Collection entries

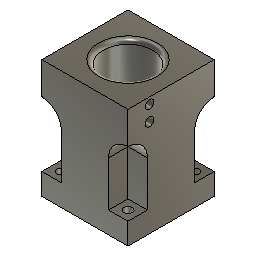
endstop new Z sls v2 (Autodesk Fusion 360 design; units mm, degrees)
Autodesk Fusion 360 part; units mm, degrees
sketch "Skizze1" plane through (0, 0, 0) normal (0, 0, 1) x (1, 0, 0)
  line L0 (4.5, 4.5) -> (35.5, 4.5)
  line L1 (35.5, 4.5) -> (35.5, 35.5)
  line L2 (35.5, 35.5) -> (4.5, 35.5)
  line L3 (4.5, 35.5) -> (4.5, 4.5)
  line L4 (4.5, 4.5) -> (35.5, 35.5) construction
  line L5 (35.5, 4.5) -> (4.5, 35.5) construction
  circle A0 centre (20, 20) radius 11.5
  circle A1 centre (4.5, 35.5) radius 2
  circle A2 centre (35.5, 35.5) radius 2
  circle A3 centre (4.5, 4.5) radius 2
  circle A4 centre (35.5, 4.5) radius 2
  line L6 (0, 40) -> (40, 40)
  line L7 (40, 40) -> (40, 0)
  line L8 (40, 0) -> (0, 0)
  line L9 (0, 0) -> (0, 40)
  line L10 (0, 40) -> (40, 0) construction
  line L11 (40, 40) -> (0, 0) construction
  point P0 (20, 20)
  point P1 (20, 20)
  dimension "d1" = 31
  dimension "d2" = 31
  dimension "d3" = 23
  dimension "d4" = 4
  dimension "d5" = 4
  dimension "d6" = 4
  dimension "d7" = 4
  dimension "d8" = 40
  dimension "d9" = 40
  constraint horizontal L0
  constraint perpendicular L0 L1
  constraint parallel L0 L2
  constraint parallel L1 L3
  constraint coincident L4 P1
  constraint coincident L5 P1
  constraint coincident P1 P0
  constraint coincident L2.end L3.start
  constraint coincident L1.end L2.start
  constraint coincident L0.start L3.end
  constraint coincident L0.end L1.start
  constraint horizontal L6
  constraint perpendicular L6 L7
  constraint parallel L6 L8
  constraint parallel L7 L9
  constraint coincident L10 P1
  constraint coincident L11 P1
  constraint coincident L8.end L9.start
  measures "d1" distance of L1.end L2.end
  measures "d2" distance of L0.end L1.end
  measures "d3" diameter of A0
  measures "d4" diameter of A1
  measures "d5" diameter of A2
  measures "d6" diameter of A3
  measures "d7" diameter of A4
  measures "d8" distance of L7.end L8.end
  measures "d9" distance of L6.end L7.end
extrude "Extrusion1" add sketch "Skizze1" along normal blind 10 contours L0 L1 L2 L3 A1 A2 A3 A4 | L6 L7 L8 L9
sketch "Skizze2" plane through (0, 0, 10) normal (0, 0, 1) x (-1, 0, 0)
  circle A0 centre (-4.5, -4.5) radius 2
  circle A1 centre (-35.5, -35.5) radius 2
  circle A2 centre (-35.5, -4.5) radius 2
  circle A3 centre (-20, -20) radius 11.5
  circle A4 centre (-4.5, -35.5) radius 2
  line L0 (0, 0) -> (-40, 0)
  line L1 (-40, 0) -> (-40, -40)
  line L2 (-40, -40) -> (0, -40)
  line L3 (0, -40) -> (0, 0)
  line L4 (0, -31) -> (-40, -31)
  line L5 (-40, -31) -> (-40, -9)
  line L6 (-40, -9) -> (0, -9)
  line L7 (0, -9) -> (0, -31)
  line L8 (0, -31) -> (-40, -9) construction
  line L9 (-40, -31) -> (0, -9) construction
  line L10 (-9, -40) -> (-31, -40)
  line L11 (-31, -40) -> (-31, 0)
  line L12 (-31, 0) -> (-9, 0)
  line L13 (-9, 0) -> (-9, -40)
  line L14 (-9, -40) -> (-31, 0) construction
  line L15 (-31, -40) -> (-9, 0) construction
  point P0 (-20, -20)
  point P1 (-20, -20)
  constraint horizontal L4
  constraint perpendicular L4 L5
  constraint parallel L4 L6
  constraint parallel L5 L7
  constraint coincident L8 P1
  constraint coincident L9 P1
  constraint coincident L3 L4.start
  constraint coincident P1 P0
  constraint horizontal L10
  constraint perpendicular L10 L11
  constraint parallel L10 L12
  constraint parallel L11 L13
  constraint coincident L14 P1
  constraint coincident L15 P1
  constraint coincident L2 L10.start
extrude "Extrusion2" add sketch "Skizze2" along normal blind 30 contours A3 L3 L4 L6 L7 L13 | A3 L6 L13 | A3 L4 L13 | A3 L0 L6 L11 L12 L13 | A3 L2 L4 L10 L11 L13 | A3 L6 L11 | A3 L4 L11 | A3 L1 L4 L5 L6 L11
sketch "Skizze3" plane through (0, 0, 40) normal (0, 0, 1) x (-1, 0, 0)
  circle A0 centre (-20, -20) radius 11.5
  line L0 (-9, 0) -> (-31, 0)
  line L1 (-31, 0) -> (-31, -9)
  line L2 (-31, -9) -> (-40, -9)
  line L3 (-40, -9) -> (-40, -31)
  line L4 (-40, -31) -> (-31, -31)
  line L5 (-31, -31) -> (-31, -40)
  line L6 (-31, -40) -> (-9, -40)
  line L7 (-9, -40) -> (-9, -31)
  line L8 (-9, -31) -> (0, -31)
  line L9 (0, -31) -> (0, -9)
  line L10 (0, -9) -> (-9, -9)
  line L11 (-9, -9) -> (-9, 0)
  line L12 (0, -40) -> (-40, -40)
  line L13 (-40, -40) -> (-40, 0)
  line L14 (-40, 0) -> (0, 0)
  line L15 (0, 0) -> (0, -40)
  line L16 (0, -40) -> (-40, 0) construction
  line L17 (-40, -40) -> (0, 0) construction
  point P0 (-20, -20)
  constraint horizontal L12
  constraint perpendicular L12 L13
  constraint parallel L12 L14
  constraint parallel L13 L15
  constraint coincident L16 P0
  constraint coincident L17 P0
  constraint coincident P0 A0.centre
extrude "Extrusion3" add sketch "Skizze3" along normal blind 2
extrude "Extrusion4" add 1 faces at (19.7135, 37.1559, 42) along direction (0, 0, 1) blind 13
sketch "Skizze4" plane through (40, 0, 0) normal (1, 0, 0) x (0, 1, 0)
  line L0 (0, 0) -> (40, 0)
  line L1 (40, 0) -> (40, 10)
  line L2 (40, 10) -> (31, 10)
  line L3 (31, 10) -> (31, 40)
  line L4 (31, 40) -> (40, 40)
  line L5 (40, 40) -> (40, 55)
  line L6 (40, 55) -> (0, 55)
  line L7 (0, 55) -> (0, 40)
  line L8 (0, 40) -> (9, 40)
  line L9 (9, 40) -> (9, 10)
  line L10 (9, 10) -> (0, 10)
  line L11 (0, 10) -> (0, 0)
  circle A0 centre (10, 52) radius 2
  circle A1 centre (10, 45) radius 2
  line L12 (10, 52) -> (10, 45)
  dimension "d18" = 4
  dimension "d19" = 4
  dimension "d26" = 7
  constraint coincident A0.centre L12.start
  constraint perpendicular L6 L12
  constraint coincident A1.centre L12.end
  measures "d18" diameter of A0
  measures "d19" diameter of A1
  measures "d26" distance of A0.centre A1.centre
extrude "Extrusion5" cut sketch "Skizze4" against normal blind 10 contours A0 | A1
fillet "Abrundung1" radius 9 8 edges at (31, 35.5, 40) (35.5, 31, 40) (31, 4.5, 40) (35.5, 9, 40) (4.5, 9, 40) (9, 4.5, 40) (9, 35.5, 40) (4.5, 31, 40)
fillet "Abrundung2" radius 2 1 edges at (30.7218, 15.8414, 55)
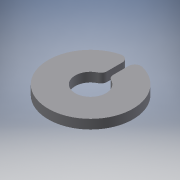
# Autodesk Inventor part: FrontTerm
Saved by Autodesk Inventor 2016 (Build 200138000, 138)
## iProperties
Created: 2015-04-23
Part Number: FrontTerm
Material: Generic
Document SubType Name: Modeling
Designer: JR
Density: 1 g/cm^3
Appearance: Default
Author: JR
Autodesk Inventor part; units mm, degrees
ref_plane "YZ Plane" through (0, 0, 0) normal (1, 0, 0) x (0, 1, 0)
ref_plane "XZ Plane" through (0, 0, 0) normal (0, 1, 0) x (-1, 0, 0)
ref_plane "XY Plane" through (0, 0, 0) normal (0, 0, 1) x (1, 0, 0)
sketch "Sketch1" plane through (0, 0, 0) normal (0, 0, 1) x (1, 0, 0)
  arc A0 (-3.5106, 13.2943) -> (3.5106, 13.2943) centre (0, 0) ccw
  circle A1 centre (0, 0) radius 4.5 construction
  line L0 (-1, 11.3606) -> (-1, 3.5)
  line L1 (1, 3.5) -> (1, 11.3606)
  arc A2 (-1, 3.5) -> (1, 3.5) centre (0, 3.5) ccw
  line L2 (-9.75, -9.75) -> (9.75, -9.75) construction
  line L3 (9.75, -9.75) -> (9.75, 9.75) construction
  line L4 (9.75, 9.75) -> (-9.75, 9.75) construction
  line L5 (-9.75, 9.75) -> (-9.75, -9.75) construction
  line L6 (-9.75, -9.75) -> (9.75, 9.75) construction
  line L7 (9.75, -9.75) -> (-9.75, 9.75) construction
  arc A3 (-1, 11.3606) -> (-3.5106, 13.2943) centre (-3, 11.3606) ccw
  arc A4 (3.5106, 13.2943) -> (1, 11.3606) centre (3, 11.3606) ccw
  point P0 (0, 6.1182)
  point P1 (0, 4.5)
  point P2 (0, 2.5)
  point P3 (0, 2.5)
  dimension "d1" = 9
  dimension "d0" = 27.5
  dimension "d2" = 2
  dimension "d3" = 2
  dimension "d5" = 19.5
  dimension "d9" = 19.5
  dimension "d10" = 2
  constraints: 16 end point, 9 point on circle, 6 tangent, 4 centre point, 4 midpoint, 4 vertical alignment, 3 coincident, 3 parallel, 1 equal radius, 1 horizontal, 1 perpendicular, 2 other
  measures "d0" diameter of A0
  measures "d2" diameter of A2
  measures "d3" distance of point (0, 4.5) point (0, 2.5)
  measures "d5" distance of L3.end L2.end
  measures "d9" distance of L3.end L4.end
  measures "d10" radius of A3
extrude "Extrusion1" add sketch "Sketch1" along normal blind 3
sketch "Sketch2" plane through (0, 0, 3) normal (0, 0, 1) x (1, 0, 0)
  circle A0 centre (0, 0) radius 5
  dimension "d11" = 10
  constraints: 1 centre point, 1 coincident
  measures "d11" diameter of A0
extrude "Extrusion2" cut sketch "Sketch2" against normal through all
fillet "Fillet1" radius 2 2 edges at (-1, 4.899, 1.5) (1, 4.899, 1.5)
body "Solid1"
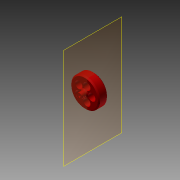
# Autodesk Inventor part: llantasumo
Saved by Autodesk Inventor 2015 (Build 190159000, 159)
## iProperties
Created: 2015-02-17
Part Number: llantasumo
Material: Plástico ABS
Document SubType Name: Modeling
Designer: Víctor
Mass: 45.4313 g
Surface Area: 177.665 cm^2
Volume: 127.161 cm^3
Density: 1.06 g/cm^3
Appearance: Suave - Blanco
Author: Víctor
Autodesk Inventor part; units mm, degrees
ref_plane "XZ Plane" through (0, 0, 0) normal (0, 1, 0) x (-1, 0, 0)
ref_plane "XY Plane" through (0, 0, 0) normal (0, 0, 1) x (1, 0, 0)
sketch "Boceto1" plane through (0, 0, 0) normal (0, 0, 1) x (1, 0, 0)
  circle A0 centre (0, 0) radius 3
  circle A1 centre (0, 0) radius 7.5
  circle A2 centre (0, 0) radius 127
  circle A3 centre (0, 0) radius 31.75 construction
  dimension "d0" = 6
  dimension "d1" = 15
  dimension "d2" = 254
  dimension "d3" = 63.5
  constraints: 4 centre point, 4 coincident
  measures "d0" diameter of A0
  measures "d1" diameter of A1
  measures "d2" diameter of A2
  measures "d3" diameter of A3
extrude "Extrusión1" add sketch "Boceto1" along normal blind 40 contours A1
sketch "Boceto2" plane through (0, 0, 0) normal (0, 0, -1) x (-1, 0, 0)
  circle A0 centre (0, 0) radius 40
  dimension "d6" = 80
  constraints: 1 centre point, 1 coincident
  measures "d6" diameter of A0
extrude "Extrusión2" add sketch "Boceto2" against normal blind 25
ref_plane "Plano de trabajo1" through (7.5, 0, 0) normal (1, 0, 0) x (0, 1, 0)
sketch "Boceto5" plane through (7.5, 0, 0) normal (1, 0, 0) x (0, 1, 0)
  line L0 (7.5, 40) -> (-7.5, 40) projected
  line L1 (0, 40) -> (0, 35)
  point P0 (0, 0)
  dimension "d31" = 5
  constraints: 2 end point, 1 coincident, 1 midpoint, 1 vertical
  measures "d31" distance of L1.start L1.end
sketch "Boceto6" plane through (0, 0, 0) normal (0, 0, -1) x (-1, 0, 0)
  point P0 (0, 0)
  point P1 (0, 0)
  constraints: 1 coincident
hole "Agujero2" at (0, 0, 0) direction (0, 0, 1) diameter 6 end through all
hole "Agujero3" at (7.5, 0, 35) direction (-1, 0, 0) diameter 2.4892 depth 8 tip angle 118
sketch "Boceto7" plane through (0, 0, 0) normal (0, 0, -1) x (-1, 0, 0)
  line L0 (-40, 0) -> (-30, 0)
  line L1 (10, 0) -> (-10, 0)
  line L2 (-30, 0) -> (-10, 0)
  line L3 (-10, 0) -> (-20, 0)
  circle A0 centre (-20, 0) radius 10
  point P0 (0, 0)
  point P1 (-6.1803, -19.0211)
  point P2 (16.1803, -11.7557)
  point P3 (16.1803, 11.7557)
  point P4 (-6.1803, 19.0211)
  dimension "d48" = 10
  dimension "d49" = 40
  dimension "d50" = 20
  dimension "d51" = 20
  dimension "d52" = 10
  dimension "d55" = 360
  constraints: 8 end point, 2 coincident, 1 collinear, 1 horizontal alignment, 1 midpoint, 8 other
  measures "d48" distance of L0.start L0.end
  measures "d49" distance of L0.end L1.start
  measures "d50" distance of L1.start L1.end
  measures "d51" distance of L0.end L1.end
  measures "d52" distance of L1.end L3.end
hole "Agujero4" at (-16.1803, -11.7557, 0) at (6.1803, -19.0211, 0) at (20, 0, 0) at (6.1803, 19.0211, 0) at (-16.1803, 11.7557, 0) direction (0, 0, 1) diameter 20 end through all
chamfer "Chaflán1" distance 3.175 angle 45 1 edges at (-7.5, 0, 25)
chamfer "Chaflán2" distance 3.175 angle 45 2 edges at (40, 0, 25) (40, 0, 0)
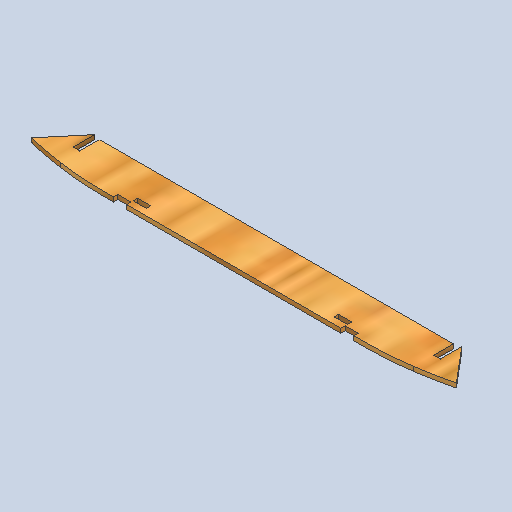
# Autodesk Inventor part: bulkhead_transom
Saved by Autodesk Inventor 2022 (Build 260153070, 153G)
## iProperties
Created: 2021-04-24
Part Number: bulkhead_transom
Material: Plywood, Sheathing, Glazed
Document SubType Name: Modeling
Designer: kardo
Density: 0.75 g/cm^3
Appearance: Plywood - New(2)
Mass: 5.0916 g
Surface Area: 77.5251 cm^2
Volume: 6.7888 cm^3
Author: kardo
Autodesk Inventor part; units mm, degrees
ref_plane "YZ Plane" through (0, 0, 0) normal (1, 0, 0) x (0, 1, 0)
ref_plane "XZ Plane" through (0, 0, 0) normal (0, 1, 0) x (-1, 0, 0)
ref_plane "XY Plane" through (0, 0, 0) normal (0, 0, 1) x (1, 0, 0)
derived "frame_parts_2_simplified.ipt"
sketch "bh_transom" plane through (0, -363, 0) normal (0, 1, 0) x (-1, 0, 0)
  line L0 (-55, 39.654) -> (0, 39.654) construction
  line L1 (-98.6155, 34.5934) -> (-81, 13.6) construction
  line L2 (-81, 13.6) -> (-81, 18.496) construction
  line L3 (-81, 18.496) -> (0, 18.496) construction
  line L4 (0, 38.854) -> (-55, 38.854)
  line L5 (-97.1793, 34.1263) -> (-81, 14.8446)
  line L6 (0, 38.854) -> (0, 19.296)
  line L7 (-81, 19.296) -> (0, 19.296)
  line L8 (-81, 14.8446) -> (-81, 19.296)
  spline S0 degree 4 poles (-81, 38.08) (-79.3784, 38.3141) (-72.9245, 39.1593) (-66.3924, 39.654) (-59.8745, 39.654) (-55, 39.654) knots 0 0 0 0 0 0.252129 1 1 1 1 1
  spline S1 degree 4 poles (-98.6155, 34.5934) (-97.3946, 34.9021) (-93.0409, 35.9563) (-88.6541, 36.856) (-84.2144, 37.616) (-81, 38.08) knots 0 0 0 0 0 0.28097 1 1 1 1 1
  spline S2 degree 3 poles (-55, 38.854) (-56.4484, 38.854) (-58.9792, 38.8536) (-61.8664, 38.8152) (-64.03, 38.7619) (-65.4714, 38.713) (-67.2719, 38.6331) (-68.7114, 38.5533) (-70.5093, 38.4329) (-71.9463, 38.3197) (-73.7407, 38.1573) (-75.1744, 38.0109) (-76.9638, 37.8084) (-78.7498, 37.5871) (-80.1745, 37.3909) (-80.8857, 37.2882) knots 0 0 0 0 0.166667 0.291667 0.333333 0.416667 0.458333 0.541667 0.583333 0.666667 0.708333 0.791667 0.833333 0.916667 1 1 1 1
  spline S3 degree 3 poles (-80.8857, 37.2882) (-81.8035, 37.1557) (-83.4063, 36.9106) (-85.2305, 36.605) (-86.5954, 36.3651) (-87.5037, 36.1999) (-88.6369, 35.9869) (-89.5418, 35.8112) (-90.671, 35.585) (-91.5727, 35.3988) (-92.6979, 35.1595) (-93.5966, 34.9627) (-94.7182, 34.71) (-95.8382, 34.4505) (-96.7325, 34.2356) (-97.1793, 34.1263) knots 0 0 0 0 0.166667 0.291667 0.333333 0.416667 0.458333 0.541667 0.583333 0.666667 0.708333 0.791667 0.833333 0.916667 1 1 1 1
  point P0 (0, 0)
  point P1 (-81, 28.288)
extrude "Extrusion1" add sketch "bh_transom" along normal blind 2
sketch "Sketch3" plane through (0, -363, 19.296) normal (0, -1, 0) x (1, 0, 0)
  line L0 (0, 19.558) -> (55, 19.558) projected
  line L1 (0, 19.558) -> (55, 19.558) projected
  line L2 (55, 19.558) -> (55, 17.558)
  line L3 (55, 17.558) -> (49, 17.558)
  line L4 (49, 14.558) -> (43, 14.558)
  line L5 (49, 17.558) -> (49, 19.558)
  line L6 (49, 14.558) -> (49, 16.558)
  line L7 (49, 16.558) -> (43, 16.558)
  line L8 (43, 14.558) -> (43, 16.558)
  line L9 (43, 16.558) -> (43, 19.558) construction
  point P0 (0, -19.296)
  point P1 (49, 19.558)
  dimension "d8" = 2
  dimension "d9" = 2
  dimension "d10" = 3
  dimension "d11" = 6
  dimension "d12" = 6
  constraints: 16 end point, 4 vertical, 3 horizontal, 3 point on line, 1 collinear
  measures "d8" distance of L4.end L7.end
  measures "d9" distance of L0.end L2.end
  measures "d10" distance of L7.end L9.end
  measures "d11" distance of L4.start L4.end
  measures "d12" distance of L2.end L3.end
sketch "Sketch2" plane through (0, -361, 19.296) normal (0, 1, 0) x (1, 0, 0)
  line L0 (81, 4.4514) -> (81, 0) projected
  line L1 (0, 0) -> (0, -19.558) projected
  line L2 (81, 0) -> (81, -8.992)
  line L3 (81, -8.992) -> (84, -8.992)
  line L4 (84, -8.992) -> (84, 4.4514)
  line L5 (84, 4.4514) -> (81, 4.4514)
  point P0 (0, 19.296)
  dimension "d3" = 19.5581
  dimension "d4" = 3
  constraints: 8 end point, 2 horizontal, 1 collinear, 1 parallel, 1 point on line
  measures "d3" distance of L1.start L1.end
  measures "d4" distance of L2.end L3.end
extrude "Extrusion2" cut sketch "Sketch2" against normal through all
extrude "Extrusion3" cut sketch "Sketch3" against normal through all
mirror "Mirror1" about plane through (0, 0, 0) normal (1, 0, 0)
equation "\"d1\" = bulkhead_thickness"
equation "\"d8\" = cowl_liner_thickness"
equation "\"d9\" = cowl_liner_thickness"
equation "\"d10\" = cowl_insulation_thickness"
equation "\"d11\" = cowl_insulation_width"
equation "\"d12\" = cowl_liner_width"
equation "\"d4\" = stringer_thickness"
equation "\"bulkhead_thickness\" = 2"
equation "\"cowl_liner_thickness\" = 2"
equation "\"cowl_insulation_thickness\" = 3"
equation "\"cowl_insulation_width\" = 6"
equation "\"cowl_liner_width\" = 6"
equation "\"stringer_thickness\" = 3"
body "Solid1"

## TASK ITEM
Transcribe the entries from their first line to the line that holds "line L11 (40, 40) -> (0, 0) construction", both included, and skip every picture.

## OUTPUT FOR THIS EXERCISE
endstop new Z sls v2 (Autodesk Fusion 360 design; units mm, degrees)
Autodesk Fusion 360 part; units mm, degrees
sketch "Skizze1" plane through (0, 0, 0) normal (0, 0, 1) x (1, 0, 0)
  line L0 (4.5, 4.5) -> (35.5, 4.5)
  line L1 (35.5, 4.5) -> (35.5, 35.5)
  line L2 (35.5, 35.5) -> (4.5, 35.5)
  line L3 (4.5, 35.5) -> (4.5, 4.5)
  line L4 (4.5, 4.5) -> (35.5, 35.5) construction
  line L5 (35.5, 4.5) -> (4.5, 35.5) construction
  circle A0 centre (20, 20) radius 11.5
  circle A1 centre (4.5, 35.5) radius 2
  circle A2 centre (35.5, 35.5) radius 2
  circle A3 centre (4.5, 4.5) radius 2
  circle A4 centre (35.5, 4.5) radius 2
  line L6 (0, 40) -> (40, 40)
  line L7 (40, 40) -> (40, 0)
  line L8 (40, 0) -> (0, 0)
  line L9 (0, 0) -> (0, 40)
  line L10 (0, 40) -> (40, 0) construction
  line L11 (40, 40) -> (0, 0) construction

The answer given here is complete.